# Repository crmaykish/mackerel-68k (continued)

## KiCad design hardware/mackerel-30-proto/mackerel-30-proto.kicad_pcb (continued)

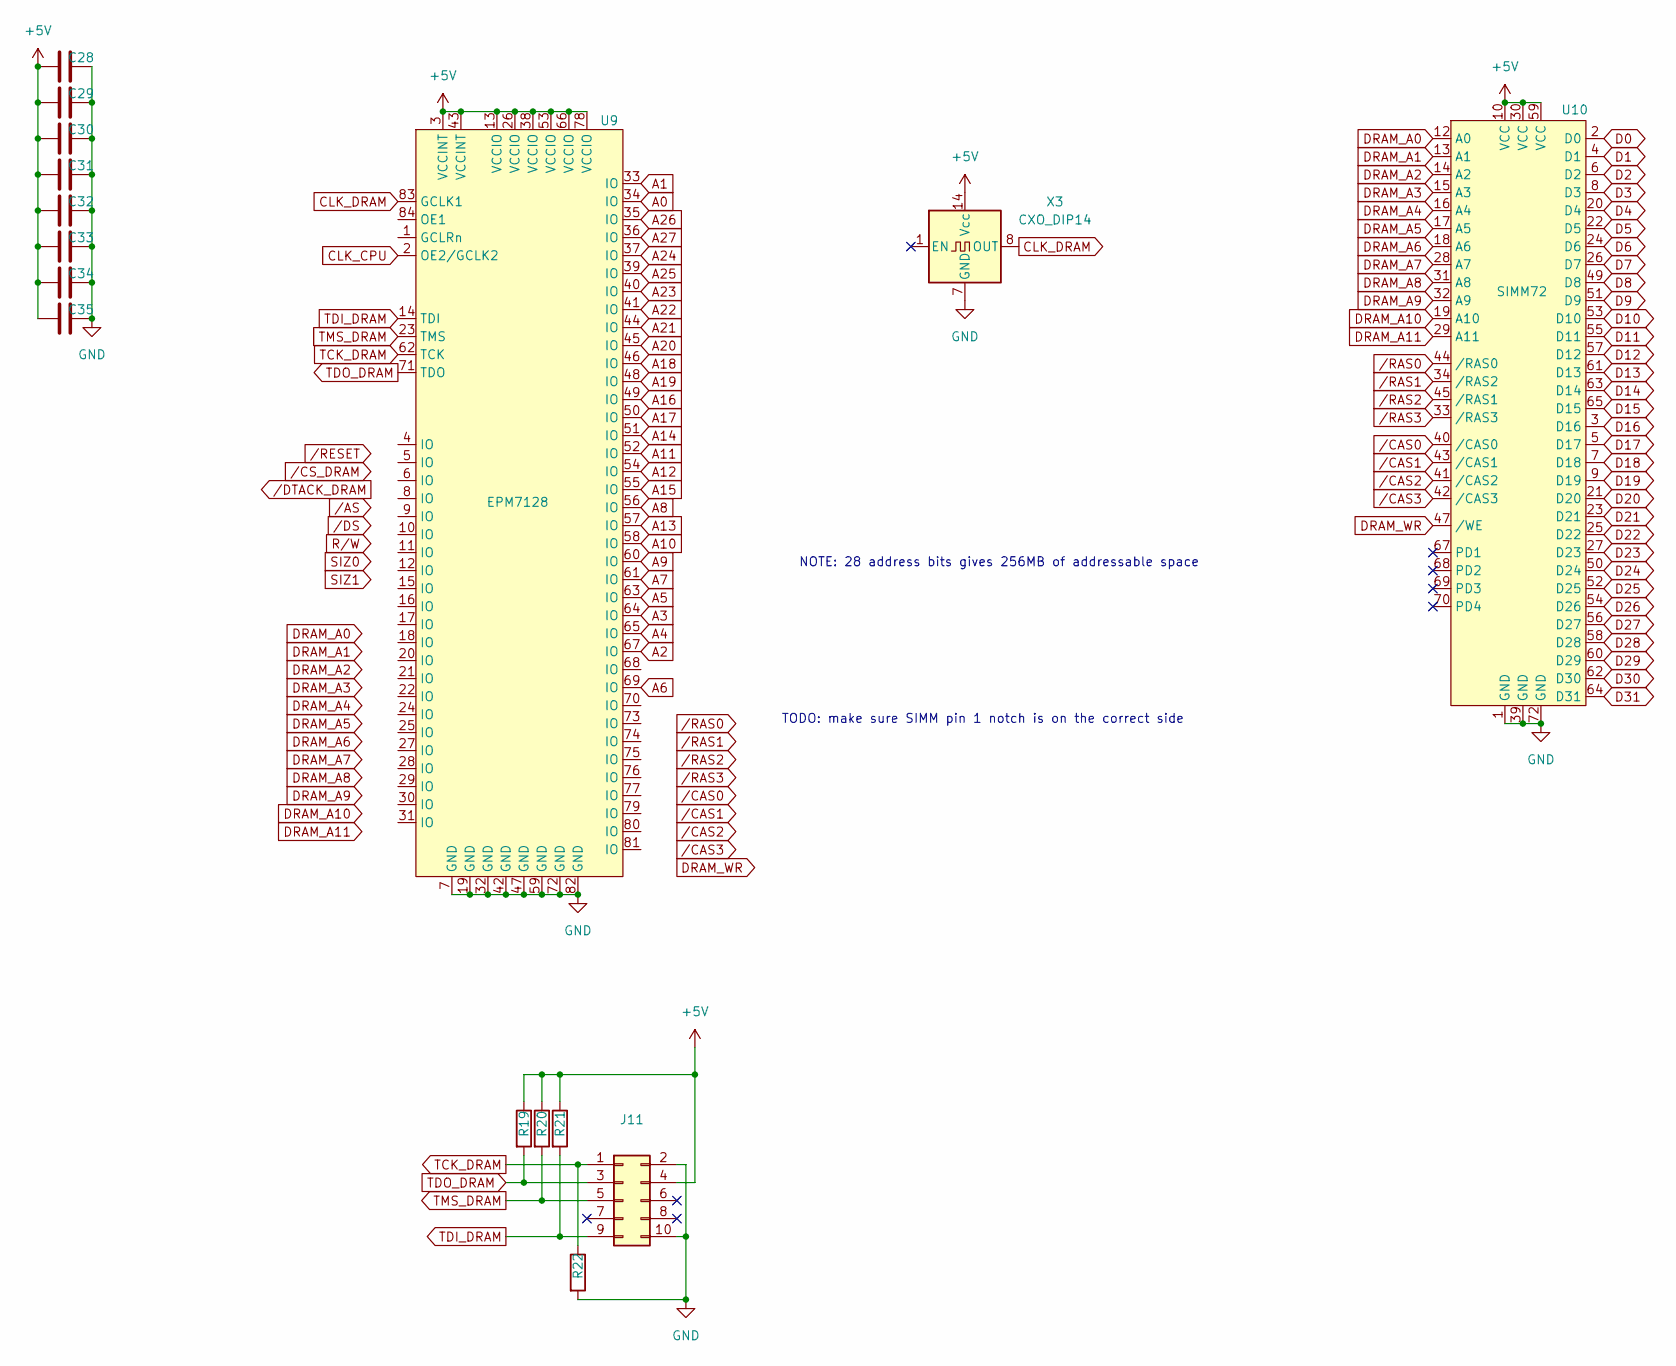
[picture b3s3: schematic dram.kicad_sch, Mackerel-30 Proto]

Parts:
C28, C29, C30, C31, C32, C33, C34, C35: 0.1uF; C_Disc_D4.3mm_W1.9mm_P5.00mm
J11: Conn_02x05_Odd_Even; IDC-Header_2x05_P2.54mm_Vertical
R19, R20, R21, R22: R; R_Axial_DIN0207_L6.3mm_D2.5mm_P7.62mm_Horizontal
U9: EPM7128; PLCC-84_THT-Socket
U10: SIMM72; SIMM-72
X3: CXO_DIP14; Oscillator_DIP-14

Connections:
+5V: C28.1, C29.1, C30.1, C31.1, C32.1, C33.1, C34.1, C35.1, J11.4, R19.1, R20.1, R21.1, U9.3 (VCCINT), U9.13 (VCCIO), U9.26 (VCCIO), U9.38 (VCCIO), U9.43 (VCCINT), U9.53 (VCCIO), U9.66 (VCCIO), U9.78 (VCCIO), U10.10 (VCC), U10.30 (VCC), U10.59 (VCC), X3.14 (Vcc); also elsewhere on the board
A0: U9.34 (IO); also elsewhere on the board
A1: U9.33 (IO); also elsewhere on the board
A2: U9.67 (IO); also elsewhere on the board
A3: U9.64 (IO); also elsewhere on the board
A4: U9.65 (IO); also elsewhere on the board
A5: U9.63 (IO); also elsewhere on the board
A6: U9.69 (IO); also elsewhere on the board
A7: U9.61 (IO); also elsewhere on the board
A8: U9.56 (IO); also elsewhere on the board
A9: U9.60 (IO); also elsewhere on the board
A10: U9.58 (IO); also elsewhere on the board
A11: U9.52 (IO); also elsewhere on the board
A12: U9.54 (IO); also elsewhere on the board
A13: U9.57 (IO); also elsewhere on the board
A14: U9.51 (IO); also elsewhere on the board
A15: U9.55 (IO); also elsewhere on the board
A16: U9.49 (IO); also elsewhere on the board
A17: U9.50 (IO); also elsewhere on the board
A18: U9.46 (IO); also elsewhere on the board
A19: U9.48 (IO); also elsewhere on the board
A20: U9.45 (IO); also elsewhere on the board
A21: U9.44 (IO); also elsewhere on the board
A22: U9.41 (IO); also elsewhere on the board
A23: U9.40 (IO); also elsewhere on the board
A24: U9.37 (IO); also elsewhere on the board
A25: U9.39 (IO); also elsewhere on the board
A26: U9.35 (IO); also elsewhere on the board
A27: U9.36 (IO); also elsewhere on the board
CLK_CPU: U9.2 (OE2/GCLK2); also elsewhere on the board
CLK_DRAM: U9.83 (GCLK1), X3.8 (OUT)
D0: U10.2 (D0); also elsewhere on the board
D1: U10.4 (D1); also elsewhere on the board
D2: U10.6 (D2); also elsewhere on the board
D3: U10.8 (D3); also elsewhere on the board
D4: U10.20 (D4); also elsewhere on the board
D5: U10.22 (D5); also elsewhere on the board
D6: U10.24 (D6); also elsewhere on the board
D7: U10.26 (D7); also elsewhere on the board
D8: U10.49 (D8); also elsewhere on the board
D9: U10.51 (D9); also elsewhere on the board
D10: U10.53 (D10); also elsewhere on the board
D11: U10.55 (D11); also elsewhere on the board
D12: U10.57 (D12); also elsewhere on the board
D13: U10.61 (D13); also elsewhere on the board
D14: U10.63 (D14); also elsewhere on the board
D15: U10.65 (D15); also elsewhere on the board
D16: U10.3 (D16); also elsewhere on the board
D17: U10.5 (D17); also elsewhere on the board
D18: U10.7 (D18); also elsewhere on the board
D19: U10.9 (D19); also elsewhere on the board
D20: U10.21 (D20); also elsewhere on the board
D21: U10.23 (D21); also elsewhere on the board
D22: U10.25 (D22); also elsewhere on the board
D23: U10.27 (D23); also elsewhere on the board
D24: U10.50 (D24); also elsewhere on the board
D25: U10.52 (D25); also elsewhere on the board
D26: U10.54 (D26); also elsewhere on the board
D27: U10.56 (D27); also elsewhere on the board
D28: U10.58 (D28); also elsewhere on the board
--------
__What you are asked to do__. Search the entries above for lines containing the word "continued", and copy each one.

__Written reply__.
# Repository crmaykish/mackerel-68k (continued)
## KiCad design hardware/mackerel-30-proto/mackerel-30-proto.kicad_pcb (continued)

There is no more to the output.